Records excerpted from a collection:

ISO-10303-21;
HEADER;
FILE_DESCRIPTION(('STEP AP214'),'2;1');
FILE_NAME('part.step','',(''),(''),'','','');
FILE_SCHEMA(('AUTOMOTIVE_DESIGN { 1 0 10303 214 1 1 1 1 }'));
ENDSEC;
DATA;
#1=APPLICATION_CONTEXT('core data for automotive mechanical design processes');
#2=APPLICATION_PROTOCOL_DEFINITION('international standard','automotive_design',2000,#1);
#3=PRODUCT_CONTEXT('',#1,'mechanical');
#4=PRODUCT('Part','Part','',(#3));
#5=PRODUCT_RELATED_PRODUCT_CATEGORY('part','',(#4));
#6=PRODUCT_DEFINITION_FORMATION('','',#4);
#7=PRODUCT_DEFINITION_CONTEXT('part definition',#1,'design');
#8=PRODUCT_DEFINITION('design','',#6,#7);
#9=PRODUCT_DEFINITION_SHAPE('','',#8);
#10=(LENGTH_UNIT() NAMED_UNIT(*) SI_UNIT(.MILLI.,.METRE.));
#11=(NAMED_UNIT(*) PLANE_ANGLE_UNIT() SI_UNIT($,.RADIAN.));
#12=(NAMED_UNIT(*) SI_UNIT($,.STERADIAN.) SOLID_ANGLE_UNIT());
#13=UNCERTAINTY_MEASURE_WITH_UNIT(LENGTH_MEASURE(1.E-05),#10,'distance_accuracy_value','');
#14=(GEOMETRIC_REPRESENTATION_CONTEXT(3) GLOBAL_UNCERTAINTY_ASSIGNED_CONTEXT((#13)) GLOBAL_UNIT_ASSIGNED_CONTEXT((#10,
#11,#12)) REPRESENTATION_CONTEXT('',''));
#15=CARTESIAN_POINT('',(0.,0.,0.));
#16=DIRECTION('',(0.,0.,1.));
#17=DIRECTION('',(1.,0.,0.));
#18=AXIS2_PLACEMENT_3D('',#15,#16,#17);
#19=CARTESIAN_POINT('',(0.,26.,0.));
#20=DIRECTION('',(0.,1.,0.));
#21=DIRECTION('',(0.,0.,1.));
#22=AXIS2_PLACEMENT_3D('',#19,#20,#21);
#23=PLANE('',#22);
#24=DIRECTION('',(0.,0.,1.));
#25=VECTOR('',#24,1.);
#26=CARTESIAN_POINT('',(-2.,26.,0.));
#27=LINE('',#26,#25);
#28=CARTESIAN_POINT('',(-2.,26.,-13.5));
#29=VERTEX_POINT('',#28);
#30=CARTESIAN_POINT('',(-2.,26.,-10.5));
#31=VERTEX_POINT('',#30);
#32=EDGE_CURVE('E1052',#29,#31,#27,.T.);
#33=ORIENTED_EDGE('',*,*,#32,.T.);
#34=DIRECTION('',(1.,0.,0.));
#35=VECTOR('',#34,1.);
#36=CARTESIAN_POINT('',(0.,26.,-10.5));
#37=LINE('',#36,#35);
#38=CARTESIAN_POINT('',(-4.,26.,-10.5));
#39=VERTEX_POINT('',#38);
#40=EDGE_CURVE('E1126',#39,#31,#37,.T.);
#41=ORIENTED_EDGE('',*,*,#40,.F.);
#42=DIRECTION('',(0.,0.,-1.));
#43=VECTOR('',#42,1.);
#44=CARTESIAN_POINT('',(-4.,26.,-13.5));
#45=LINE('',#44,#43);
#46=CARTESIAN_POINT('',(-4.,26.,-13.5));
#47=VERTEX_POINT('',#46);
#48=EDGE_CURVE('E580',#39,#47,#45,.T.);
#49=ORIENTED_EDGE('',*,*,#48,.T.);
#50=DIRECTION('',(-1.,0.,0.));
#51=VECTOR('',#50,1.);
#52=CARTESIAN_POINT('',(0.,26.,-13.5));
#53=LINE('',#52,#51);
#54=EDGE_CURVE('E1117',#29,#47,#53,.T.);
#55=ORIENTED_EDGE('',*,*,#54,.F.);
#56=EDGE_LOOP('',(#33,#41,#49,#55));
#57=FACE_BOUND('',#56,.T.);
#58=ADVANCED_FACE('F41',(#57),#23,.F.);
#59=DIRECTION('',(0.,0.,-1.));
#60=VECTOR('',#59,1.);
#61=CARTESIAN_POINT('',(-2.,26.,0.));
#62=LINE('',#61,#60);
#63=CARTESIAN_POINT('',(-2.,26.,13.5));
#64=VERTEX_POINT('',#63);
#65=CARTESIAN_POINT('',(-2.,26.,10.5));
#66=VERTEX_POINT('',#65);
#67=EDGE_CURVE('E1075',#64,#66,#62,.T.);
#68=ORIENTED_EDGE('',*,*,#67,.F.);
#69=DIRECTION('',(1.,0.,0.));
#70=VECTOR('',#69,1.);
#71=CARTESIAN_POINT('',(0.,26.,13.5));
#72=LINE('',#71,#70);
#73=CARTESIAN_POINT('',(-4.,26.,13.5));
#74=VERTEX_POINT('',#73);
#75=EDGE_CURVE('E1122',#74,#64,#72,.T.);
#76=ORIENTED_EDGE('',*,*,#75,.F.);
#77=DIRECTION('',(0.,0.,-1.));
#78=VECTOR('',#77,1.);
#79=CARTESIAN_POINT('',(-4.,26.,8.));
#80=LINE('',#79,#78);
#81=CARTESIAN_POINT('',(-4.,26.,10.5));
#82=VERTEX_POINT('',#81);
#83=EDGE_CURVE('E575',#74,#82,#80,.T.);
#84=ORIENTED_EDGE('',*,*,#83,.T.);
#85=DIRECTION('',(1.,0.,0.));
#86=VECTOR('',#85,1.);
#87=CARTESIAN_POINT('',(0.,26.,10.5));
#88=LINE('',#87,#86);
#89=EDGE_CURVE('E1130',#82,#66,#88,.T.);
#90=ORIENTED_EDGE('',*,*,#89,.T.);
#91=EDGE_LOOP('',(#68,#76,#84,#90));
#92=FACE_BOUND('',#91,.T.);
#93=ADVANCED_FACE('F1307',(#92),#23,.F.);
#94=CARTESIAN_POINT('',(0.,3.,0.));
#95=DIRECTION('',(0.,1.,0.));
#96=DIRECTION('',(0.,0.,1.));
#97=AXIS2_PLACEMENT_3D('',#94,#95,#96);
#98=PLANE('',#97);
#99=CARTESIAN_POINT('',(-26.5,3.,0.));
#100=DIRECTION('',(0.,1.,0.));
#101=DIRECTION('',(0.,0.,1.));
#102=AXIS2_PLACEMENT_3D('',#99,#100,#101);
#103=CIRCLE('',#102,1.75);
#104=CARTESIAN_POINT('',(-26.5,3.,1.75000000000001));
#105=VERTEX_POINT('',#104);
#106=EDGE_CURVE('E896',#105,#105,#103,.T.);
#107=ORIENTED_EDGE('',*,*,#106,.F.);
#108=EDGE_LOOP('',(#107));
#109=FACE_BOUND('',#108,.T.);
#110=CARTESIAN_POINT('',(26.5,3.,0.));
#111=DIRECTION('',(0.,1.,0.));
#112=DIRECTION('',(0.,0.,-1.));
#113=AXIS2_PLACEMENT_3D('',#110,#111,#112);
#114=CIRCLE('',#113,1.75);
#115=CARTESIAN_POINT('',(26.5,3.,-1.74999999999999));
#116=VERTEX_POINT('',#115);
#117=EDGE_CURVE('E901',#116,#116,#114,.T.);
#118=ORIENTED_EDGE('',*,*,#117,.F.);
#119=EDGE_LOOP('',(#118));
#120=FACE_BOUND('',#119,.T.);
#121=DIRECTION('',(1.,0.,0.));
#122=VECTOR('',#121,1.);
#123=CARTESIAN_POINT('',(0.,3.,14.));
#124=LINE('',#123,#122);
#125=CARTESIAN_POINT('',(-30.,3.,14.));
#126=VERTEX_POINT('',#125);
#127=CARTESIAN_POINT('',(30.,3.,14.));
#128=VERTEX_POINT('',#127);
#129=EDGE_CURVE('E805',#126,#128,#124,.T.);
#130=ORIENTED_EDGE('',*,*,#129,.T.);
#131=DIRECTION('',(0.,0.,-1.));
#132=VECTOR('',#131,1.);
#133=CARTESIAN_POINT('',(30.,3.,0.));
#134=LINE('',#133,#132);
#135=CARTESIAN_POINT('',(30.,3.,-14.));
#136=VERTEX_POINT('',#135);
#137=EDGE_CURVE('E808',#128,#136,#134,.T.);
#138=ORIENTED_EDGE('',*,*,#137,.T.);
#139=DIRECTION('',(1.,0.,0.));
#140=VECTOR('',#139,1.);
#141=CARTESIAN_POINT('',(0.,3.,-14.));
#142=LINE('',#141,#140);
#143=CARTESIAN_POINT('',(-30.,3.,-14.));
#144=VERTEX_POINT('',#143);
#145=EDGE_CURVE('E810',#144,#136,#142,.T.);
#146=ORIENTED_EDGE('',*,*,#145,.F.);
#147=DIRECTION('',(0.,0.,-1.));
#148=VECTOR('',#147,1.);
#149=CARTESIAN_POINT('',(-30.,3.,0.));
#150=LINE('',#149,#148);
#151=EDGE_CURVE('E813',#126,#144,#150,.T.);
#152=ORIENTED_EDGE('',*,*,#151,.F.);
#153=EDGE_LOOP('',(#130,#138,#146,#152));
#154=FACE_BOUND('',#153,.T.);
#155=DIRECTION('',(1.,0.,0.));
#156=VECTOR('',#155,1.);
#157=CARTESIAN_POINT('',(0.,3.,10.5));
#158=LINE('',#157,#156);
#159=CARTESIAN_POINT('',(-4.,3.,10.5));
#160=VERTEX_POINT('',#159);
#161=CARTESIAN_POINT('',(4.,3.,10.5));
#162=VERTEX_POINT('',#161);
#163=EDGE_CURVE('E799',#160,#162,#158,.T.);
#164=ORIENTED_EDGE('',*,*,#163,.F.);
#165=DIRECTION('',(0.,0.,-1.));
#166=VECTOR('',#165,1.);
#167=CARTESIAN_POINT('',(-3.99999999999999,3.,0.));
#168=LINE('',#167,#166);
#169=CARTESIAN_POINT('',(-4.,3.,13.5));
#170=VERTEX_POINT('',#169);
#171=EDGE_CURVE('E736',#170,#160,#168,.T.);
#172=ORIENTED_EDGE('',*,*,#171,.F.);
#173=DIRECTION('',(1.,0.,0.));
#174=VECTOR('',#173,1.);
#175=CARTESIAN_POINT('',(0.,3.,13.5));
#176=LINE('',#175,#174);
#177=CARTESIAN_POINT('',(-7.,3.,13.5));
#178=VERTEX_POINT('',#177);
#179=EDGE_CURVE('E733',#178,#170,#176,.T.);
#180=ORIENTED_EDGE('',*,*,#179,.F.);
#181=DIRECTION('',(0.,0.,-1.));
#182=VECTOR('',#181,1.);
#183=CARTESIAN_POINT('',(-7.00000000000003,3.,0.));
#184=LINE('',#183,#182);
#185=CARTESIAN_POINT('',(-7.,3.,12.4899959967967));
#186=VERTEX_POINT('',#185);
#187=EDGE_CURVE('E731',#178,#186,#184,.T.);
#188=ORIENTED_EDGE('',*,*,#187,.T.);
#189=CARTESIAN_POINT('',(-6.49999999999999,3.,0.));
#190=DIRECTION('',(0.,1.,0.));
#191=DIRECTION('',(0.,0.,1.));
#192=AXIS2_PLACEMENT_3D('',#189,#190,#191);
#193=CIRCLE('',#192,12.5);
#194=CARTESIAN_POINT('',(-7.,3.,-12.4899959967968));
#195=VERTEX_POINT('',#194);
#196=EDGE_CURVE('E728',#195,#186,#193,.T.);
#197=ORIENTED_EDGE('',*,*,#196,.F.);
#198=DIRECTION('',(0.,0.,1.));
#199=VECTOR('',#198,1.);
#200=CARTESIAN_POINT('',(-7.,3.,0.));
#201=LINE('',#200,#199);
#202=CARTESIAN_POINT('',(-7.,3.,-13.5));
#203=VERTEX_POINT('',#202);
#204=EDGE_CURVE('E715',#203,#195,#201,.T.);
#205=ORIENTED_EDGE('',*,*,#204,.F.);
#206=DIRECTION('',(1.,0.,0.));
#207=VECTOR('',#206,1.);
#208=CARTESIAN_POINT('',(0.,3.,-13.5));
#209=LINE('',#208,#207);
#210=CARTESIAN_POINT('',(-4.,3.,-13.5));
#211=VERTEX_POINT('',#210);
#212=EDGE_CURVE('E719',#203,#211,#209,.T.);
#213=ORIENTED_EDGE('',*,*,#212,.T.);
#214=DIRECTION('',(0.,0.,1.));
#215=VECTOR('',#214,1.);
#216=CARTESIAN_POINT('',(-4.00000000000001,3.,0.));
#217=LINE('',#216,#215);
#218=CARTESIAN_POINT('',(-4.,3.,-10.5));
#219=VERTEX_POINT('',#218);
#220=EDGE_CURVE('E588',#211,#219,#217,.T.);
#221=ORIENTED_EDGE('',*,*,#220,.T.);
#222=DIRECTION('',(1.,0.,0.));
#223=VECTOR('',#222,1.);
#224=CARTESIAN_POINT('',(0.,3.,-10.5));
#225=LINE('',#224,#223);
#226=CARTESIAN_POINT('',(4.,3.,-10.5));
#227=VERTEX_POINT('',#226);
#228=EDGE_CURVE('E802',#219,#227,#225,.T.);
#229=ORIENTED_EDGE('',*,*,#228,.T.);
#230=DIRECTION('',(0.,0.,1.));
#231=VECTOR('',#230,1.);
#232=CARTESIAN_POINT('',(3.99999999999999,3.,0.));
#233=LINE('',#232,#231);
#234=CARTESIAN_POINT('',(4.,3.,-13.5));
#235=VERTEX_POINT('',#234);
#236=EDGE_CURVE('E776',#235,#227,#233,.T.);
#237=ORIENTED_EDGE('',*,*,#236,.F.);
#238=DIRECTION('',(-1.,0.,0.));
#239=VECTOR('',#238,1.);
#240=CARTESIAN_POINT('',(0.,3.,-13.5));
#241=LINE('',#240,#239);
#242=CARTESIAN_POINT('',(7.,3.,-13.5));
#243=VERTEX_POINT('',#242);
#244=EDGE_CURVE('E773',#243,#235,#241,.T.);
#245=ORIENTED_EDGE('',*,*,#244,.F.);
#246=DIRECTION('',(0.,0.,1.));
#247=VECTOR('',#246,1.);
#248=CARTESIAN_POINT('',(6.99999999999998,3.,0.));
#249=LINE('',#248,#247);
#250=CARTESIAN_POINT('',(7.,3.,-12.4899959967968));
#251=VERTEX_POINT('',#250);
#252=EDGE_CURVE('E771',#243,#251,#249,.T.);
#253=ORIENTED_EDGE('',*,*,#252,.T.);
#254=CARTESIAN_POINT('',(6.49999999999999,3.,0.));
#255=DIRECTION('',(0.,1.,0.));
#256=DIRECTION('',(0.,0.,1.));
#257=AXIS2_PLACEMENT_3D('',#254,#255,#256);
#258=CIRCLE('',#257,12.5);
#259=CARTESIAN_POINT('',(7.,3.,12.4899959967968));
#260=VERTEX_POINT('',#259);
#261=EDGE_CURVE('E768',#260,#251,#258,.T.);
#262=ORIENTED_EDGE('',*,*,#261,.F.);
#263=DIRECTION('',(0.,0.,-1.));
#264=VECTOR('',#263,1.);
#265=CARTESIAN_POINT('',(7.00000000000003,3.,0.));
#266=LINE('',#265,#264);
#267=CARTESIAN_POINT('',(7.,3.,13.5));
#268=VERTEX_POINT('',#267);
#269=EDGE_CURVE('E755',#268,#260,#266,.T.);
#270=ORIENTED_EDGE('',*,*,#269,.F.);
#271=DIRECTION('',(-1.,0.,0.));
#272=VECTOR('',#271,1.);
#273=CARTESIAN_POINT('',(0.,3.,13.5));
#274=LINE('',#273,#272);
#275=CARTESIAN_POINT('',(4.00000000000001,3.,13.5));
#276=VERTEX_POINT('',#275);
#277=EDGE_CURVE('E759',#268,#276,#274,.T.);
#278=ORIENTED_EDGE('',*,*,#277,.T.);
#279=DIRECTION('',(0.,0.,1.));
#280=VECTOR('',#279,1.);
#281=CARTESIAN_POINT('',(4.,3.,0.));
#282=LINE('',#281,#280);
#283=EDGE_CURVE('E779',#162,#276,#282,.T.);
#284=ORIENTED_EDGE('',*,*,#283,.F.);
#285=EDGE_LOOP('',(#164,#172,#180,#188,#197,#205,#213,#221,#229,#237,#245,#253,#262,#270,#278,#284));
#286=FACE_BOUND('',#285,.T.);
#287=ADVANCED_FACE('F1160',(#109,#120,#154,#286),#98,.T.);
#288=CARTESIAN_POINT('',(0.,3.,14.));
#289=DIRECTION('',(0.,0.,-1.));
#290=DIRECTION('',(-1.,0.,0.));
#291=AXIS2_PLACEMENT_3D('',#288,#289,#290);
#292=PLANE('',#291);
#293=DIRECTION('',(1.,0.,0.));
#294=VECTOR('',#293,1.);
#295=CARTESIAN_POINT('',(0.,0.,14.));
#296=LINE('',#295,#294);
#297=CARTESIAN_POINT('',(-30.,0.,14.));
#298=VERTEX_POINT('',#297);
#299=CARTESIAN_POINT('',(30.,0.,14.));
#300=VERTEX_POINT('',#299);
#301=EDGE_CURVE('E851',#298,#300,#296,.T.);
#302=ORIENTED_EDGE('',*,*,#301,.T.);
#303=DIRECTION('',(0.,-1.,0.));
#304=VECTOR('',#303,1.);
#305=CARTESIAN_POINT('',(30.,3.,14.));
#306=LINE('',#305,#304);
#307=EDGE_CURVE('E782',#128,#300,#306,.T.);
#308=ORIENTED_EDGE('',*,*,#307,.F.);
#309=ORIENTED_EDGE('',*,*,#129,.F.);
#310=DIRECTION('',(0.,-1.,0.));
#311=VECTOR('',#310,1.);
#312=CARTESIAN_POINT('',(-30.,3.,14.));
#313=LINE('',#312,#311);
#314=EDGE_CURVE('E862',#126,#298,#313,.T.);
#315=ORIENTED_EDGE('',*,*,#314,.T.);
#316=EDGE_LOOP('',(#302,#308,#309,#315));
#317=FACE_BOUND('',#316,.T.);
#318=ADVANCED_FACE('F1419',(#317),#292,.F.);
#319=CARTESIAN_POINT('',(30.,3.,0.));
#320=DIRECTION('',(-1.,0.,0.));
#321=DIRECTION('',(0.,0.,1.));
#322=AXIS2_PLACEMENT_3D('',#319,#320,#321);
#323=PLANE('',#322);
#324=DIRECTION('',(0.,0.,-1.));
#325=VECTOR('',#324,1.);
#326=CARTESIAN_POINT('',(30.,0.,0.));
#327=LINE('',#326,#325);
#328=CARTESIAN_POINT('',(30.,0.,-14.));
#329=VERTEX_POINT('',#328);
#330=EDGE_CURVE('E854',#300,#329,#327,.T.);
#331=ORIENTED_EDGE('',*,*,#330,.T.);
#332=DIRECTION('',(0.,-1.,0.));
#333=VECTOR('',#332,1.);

> TASK INSTRUCTIONS: An exact, complete copy of the lines above from the one with "#207=VECTOR('',#206,1.);" through the one with "#217=LINE('',#216,#215);" is the whole answer.

> RESULT:
#207=VECTOR('',#206,1.);
#208=CARTESIAN_POINT('',(0.,3.,-13.5));
#209=LINE('',#208,#207);
#210=CARTESIAN_POINT('',(-4.,3.,-13.5));
#211=VERTEX_POINT('',#210);
#212=EDGE_CURVE('E719',#203,#211,#209,.T.);
#213=ORIENTED_EDGE('',*,*,#212,.T.);
#214=DIRECTION('',(0.,0.,1.));
#215=VECTOR('',#214,1.);
#216=CARTESIAN_POINT('',(-4.00000000000001,3.,0.));
#217=LINE('',#216,#215);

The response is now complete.